Even as the aftershocks are subsiding following the Hanjin Shipping bankruptcy disaster in the seafreight world, marketing intelligence firm Xeneta said the industry is still “reeling” from delays in inventory, rising prices and temporary under-capacity for some ships, which could have effects on this year’s peak season performance for the air cargo industry.
“The Hanjin saga has the potential to redefine the container shipping landscape,” said Xeneta CEO Patrik Berglund. “For an industry that has struggled with collapsing rates, severe overcapacity (8.1 percent at the beginning of 2016) and devastated profit margins – with even Maersk down 90 percent, year-on-year, for Q2 – this marks an opportunity to finally regain the upper hand at the negotiating table.”
When the seventh-largest oceanfreight company went belly up earlier this month, an estimated US$14.5 billion of goods were stranded on vessels worldwide, belonging to some 8,300 different companies. Berglund said the movement of this inventory is the “number one priority,” but added that there could be a permanent shift in terms of higher ocean rates, potentially reducing seafreight’s competitive advantage over airfreight.
“Hanjin’s failure resulted in an immediate capacity reduction of up to 8 percent in trans-Pacific and Asian-European routes, and this gives competitors an obvious fillip,” Berglund added.
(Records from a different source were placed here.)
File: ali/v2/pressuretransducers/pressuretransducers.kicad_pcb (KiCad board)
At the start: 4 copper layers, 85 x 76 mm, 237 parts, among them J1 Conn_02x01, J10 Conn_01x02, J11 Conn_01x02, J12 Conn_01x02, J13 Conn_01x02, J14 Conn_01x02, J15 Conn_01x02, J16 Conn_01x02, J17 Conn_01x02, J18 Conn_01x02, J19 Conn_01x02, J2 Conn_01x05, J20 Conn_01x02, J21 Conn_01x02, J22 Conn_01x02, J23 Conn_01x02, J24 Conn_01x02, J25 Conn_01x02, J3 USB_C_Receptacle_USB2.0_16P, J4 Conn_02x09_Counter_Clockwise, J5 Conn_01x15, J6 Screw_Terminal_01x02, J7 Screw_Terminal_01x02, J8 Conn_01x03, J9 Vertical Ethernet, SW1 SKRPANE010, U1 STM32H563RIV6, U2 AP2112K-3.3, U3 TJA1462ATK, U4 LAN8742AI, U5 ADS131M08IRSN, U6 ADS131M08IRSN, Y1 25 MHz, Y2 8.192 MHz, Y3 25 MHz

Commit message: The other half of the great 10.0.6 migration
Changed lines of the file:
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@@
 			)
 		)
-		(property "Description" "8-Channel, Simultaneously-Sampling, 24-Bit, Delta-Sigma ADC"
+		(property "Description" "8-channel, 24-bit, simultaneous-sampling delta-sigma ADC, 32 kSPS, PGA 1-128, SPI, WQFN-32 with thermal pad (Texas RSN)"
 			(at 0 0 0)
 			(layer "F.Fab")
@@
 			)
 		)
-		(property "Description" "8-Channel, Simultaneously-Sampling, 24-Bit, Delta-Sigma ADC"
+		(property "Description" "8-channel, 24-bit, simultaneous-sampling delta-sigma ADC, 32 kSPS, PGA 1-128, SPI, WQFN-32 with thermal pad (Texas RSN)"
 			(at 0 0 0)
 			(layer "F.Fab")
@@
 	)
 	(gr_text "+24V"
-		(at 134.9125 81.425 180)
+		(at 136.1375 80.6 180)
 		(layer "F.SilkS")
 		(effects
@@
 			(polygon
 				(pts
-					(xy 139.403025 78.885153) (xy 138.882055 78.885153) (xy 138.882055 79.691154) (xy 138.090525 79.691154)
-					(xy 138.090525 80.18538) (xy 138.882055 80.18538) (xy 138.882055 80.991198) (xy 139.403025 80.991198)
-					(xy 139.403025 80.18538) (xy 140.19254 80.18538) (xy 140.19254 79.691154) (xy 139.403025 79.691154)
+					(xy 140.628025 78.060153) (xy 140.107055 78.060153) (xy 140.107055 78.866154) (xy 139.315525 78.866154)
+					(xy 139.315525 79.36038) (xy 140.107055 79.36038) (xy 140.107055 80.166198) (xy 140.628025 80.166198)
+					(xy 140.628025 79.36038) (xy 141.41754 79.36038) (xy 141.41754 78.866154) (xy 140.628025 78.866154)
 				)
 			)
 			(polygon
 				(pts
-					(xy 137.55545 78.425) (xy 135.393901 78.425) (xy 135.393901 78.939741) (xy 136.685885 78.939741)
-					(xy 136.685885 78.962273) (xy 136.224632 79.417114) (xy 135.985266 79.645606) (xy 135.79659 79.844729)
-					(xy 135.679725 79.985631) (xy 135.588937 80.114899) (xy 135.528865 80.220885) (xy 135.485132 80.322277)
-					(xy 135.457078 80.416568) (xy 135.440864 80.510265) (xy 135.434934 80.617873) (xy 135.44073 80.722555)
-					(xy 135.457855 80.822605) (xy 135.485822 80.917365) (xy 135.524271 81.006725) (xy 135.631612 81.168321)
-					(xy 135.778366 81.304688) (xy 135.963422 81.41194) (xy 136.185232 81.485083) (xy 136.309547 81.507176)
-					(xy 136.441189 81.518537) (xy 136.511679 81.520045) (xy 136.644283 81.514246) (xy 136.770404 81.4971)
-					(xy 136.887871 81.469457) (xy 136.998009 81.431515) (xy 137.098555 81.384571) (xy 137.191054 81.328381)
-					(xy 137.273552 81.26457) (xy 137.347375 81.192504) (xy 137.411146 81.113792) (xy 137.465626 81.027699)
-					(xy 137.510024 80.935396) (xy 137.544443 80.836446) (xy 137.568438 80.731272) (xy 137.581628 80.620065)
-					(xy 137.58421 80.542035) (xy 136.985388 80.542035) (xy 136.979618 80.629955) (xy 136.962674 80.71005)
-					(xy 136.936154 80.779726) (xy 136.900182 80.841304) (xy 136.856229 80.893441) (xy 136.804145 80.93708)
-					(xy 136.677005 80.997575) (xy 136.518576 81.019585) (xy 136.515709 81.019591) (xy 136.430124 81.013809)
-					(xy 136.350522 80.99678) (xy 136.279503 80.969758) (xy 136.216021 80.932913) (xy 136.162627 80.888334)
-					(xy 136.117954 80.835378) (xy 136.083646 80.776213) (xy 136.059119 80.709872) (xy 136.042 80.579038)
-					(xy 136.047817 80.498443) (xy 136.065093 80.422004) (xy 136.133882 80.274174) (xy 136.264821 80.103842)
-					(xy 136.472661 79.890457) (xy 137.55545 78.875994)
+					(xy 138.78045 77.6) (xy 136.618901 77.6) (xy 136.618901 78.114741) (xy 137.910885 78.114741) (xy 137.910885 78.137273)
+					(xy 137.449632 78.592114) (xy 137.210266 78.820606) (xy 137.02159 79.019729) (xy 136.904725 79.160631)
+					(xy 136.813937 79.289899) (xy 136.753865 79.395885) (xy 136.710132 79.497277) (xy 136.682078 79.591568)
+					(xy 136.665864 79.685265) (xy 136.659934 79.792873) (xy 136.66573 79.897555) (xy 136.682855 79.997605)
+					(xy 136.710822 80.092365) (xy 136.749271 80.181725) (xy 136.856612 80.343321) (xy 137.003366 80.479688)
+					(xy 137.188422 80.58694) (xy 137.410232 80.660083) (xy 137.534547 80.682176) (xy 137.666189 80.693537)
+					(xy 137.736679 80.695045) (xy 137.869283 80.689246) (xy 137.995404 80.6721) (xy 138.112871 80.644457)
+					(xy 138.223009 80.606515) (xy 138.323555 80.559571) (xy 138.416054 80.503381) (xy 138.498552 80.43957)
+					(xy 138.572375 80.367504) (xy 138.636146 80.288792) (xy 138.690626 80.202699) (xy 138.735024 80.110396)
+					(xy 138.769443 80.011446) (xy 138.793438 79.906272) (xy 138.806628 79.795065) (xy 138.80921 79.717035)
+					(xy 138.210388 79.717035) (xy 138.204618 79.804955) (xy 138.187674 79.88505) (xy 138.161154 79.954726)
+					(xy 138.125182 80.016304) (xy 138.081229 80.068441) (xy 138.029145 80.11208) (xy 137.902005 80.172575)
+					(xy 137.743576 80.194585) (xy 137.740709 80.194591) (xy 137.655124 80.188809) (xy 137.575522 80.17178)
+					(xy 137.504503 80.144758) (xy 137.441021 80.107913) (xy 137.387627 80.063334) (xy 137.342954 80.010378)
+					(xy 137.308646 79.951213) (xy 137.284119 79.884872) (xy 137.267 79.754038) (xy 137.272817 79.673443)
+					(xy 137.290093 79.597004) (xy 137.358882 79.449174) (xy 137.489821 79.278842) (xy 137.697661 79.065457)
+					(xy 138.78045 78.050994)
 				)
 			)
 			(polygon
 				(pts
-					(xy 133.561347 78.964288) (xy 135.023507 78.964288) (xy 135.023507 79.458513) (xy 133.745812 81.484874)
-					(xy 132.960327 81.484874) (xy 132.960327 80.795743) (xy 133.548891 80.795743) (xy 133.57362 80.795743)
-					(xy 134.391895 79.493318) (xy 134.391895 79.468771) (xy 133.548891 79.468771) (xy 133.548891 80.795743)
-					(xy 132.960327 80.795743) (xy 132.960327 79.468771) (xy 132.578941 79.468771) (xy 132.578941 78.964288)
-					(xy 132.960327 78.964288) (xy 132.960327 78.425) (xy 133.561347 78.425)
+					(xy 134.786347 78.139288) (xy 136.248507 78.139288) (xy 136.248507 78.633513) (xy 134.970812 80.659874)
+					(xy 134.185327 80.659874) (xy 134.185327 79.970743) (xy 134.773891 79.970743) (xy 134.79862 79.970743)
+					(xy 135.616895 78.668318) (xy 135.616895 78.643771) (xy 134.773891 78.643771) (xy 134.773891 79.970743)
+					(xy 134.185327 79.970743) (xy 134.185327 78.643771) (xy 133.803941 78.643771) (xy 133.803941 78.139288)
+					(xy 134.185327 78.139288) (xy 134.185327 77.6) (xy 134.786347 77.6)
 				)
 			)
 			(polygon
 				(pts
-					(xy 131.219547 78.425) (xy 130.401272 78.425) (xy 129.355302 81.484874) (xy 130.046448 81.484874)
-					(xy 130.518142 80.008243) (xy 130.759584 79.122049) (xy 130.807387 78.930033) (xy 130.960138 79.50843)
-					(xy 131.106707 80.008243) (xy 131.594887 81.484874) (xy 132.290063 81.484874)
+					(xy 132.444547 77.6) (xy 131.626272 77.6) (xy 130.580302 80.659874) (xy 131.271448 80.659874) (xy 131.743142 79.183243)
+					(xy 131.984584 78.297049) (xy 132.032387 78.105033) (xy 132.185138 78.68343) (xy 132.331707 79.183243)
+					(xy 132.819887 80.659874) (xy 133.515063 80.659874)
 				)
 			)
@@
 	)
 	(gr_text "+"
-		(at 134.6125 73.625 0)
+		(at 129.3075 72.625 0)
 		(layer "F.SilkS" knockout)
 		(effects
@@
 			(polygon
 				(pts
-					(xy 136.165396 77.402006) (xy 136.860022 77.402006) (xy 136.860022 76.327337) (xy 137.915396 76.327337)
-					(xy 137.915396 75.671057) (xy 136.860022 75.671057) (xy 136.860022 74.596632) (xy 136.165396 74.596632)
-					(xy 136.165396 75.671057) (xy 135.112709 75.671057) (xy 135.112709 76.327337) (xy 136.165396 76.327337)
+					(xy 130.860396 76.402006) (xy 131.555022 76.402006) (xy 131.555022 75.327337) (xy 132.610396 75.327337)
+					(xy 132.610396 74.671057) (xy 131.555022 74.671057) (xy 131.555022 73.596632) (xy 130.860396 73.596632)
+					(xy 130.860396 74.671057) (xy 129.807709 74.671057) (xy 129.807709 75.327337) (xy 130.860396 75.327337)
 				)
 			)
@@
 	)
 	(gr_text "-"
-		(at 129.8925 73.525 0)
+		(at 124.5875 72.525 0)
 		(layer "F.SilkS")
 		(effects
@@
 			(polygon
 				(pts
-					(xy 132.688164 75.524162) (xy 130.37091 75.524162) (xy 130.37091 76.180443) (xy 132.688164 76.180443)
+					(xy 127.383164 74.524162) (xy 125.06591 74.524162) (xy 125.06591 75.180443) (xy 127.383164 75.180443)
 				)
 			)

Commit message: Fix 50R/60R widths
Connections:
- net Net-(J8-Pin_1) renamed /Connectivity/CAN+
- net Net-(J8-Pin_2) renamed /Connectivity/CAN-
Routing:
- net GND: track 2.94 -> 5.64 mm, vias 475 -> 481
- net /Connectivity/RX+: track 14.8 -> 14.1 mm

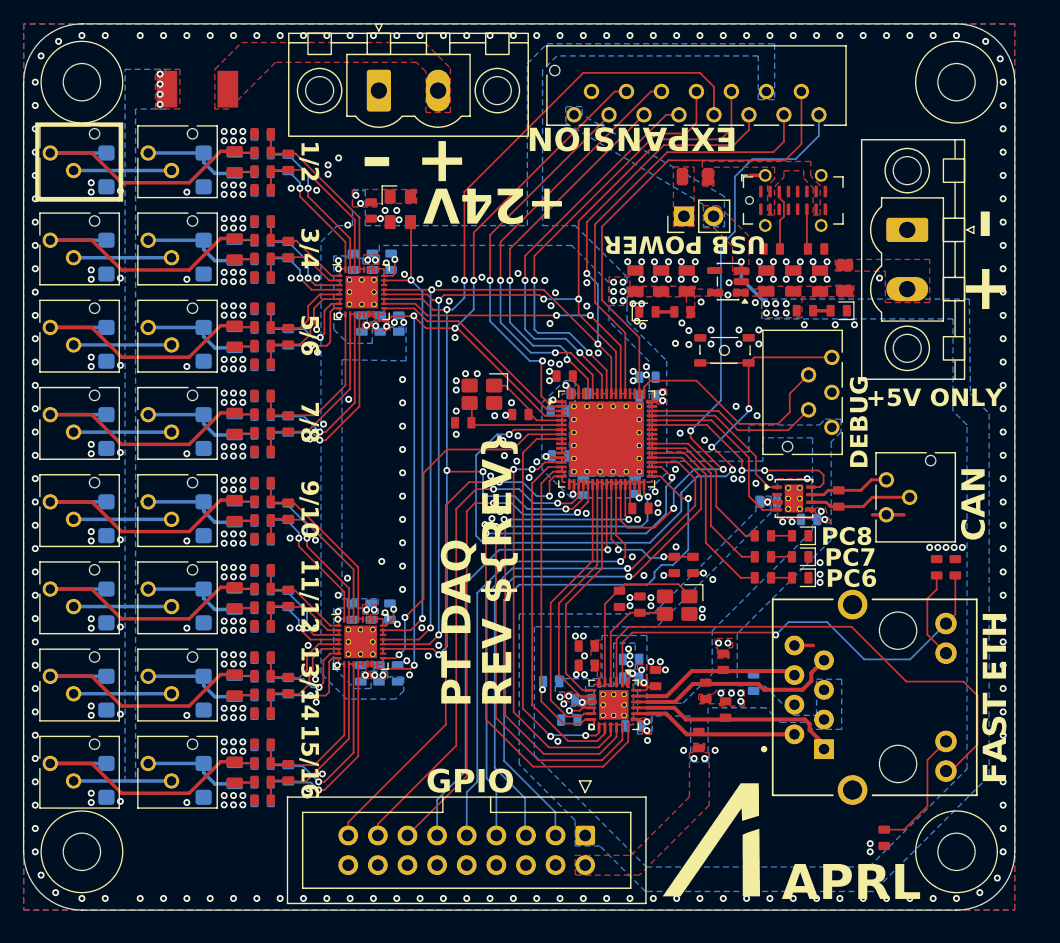
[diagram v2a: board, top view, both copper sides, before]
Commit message: Document setup, update template, and use an ampersand when referring to APRL
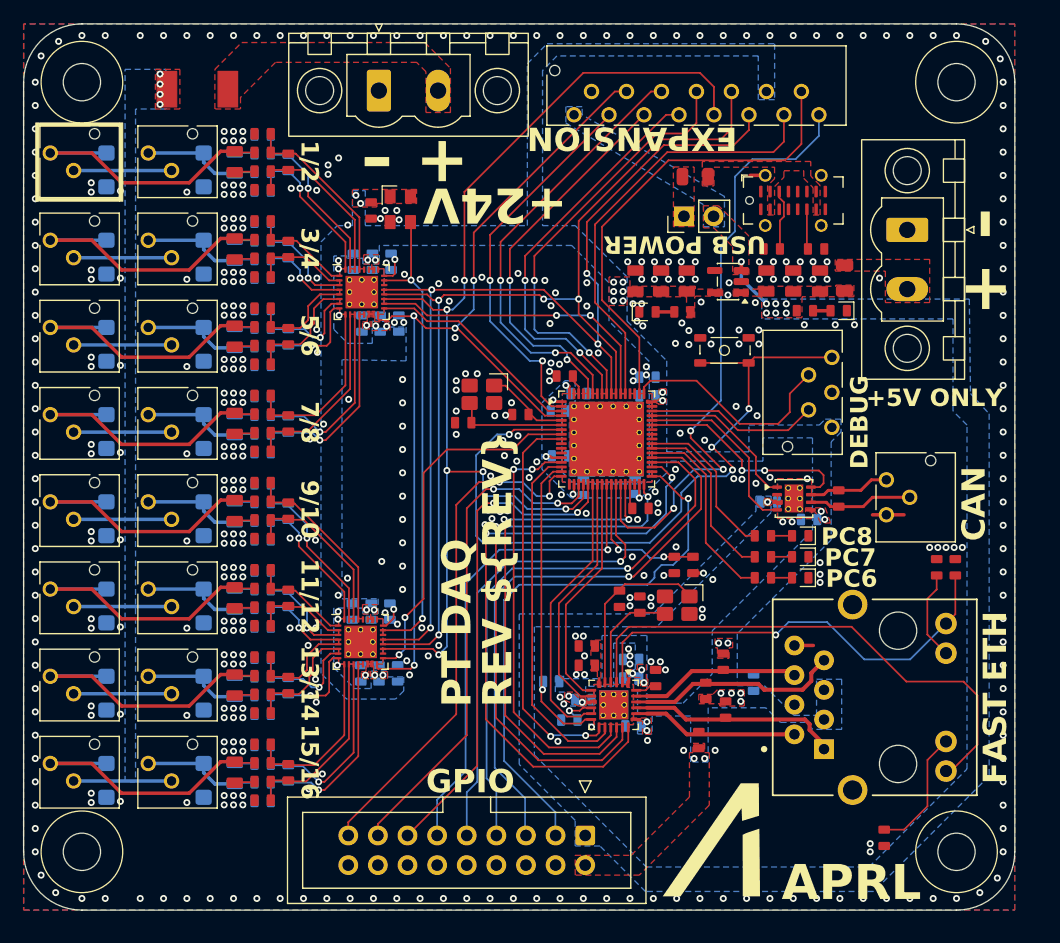
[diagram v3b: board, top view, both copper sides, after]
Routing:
- net Net-(D13-K): track 10.2 -> 9.66 mm
- net Net-(D7-K): track 10.2 -> 9.66 mm
- net Net-(D21-K): track 10.2 -> 9.66 mm
- net Net-(D19-K): track 10.2 -> 9.66 mm
- net Net-(D17-K): track 10.2 -> 9.66 mm
- net Net-(D15-K): track 10.2 -> 9.66 mm

Short-term rates, he said, were already rising on the Far East Asian to North European port route since rates hit bottom in March. “As the year comes to an end, the tendering/bidding season starts for many European shippers,” he added. “This will be a wake-up call for the large-volume shippers who have maybe become accustomed to basking in long-term contracts at low rates.”
Oslo-based Xeneta is a global benchmarking platform for containerized oceanfreight, processing data from more than 17 million contracted rates and 60,000 port-to-port pairings.